§ Your objective:
Where in the records does the word "radius" occur? Copy each line in which it does.

━━━━━━━━━━

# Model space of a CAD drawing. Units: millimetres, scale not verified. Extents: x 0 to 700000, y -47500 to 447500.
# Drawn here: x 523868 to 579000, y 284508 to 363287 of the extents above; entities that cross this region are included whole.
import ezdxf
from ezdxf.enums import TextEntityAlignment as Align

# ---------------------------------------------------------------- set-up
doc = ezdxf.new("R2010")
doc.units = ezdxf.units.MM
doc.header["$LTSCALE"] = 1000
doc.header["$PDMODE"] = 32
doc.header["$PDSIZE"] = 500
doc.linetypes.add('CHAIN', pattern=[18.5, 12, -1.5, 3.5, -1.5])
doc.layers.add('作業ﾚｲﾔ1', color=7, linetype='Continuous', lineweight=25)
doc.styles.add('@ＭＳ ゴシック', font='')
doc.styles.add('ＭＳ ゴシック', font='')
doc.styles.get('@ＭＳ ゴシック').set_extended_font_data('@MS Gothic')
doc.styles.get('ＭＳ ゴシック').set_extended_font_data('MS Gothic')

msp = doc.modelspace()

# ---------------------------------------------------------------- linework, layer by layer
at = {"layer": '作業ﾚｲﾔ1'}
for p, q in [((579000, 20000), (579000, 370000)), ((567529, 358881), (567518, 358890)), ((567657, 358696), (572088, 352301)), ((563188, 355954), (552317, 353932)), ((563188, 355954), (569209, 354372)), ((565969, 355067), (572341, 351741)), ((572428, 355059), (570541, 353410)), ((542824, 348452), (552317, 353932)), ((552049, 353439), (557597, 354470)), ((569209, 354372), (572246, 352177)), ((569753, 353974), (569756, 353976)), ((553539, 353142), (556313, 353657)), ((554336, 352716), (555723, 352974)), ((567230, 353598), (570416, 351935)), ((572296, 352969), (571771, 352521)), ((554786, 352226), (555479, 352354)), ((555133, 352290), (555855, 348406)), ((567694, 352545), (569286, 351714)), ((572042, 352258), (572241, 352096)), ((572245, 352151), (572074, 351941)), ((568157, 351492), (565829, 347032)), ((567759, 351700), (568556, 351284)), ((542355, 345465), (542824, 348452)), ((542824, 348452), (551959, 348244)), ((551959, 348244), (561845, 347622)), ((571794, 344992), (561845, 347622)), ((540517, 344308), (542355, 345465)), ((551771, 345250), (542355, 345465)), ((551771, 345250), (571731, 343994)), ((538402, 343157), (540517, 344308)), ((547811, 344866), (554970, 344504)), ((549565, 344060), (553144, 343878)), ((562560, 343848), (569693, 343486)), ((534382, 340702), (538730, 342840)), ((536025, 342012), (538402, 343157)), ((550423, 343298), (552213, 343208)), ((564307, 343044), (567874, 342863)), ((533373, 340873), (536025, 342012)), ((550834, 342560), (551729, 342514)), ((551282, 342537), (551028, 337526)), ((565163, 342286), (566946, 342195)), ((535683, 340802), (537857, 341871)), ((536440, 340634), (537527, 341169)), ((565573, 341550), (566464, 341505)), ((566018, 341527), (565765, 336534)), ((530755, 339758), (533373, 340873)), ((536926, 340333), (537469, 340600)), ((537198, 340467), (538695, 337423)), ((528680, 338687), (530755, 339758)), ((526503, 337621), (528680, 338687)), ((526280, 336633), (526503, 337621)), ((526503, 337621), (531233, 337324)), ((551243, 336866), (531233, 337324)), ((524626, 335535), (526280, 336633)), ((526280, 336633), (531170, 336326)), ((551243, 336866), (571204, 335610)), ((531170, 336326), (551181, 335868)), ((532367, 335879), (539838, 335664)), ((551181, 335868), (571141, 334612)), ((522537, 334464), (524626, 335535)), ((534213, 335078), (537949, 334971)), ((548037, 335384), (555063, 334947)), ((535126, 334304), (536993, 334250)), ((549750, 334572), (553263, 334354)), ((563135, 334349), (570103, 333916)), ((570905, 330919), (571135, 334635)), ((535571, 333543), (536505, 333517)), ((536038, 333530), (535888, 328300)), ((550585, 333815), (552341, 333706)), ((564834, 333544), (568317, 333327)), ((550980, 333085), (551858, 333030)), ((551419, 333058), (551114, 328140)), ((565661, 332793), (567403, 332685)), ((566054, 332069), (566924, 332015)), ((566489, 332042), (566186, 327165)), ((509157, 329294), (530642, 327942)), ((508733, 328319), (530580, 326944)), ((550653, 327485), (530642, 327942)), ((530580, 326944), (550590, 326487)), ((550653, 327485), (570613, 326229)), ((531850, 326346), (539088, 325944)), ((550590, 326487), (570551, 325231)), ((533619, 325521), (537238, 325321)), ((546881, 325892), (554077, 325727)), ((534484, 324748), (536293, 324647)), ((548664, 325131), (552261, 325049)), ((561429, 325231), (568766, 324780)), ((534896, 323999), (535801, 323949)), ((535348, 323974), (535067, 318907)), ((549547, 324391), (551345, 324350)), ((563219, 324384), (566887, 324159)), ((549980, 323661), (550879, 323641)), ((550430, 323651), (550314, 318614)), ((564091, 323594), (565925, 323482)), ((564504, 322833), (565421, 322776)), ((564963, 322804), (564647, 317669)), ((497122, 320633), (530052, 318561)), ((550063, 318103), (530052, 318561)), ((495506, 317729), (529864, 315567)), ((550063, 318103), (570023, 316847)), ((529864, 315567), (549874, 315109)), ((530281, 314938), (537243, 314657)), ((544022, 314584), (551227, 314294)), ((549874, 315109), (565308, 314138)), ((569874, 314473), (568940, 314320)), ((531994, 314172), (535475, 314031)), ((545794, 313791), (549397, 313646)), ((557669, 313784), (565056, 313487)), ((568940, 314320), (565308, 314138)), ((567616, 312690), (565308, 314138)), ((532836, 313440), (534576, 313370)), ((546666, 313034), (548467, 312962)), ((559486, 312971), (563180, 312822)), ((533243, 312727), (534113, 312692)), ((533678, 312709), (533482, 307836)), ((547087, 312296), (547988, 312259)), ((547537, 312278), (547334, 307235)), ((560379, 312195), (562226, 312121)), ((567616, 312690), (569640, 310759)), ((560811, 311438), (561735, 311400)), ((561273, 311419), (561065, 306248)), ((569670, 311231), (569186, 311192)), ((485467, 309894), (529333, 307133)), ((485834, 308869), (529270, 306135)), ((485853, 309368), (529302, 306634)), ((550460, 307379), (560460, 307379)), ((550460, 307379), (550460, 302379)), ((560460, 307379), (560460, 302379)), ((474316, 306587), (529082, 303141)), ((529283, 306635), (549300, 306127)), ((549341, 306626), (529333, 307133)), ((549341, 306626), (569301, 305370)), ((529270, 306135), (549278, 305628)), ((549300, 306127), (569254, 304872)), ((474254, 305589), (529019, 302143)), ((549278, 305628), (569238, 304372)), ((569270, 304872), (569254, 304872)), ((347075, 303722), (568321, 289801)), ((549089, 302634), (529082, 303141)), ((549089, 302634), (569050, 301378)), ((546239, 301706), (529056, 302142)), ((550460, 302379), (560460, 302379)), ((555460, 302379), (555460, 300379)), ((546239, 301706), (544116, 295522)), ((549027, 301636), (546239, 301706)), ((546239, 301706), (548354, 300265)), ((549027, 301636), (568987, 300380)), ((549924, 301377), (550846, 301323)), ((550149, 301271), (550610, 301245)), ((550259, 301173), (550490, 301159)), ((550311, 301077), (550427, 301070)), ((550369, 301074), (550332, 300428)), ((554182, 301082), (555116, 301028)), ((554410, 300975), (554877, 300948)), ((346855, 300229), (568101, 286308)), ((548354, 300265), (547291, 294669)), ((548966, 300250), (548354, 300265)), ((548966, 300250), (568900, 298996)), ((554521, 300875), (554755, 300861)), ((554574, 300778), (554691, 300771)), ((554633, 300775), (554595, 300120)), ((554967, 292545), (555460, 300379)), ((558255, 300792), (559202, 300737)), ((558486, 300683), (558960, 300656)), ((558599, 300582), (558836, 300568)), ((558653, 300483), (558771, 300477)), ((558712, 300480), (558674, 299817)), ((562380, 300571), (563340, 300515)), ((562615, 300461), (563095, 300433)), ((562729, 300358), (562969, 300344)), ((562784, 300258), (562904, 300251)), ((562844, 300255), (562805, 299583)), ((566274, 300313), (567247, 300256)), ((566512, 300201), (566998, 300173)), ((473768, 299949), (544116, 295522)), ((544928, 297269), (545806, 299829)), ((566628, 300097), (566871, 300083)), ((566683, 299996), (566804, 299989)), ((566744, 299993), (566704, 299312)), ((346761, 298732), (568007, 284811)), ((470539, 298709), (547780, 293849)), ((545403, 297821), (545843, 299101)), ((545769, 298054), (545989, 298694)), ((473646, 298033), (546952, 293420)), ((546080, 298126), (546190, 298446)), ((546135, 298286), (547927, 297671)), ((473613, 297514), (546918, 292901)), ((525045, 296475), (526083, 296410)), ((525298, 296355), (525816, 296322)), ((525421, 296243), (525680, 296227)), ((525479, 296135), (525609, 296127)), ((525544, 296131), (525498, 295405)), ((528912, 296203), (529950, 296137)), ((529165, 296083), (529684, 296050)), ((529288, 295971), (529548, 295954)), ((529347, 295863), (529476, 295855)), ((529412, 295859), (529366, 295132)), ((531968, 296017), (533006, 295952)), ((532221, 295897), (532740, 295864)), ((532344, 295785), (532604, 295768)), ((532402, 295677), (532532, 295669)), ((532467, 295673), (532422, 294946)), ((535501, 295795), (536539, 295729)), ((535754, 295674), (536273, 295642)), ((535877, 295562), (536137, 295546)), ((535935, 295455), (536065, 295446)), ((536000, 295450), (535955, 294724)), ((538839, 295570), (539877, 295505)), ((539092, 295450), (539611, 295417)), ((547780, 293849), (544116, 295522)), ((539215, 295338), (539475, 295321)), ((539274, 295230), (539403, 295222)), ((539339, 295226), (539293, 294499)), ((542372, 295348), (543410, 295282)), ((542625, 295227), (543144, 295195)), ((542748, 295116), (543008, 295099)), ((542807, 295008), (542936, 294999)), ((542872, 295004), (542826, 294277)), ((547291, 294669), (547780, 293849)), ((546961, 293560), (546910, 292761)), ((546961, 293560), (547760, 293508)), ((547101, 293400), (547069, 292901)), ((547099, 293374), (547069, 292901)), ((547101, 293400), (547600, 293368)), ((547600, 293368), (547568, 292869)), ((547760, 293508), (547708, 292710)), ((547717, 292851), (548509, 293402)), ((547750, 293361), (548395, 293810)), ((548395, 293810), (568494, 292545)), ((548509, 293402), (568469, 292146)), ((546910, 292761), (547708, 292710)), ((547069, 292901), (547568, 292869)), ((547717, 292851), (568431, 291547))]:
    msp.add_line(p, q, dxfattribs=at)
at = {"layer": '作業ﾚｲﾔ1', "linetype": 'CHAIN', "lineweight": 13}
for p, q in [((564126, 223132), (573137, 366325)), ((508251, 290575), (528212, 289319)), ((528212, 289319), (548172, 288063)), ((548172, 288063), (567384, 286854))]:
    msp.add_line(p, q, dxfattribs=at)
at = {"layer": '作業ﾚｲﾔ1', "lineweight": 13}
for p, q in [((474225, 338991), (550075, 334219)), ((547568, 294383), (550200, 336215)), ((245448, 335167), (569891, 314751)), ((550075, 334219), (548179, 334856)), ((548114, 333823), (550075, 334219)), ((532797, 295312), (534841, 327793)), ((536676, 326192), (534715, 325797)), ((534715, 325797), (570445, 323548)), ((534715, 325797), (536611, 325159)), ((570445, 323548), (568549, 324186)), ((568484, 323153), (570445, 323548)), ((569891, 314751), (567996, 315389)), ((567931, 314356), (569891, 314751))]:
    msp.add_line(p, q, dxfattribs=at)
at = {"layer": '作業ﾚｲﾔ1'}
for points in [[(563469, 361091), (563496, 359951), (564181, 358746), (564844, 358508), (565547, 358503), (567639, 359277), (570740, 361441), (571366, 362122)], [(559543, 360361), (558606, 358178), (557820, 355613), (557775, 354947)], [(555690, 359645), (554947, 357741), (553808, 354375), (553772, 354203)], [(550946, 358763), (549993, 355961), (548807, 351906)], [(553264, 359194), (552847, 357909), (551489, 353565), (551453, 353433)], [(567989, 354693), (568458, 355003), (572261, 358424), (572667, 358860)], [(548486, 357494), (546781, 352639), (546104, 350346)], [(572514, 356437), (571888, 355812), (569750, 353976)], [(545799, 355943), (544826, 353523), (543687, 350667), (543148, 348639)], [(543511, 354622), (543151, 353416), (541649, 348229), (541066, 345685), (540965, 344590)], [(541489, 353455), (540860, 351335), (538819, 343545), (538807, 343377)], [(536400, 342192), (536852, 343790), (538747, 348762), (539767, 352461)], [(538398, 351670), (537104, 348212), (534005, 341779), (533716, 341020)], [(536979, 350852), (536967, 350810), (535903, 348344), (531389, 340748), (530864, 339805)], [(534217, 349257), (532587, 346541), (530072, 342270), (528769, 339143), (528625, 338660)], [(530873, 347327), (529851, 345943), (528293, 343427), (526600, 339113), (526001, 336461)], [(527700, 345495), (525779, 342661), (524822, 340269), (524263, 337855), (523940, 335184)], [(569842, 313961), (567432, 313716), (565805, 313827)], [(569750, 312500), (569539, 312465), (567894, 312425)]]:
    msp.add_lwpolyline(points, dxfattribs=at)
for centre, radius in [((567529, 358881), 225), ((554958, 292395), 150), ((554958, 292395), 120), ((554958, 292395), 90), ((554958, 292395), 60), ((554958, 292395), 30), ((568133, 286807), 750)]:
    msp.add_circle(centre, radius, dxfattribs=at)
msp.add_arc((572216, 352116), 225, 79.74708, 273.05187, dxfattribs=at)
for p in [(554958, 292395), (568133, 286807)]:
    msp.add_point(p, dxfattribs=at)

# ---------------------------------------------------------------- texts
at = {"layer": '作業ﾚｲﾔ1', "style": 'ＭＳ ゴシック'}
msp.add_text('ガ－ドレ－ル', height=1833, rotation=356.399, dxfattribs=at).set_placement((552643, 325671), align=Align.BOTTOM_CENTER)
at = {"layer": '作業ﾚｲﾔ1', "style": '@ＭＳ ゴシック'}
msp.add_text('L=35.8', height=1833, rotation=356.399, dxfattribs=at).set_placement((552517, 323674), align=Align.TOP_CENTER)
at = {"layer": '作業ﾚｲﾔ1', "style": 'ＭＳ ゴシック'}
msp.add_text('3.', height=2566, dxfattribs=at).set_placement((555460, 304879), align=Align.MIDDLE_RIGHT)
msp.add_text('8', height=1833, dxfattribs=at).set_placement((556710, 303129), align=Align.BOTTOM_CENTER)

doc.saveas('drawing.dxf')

━━━━━━━━━━

§ Written solution:
for centre, radius in [((567529, 358881), 225), ((554958, 292395), 150), ((554958, 292395), 120), ((554958, 292395), 90), ((554958, 292395), 60), ((554958, 292395), 30), ((568133, 286807), 750)]:
    msp.add_circle(centre, radius, dxfattribs=at)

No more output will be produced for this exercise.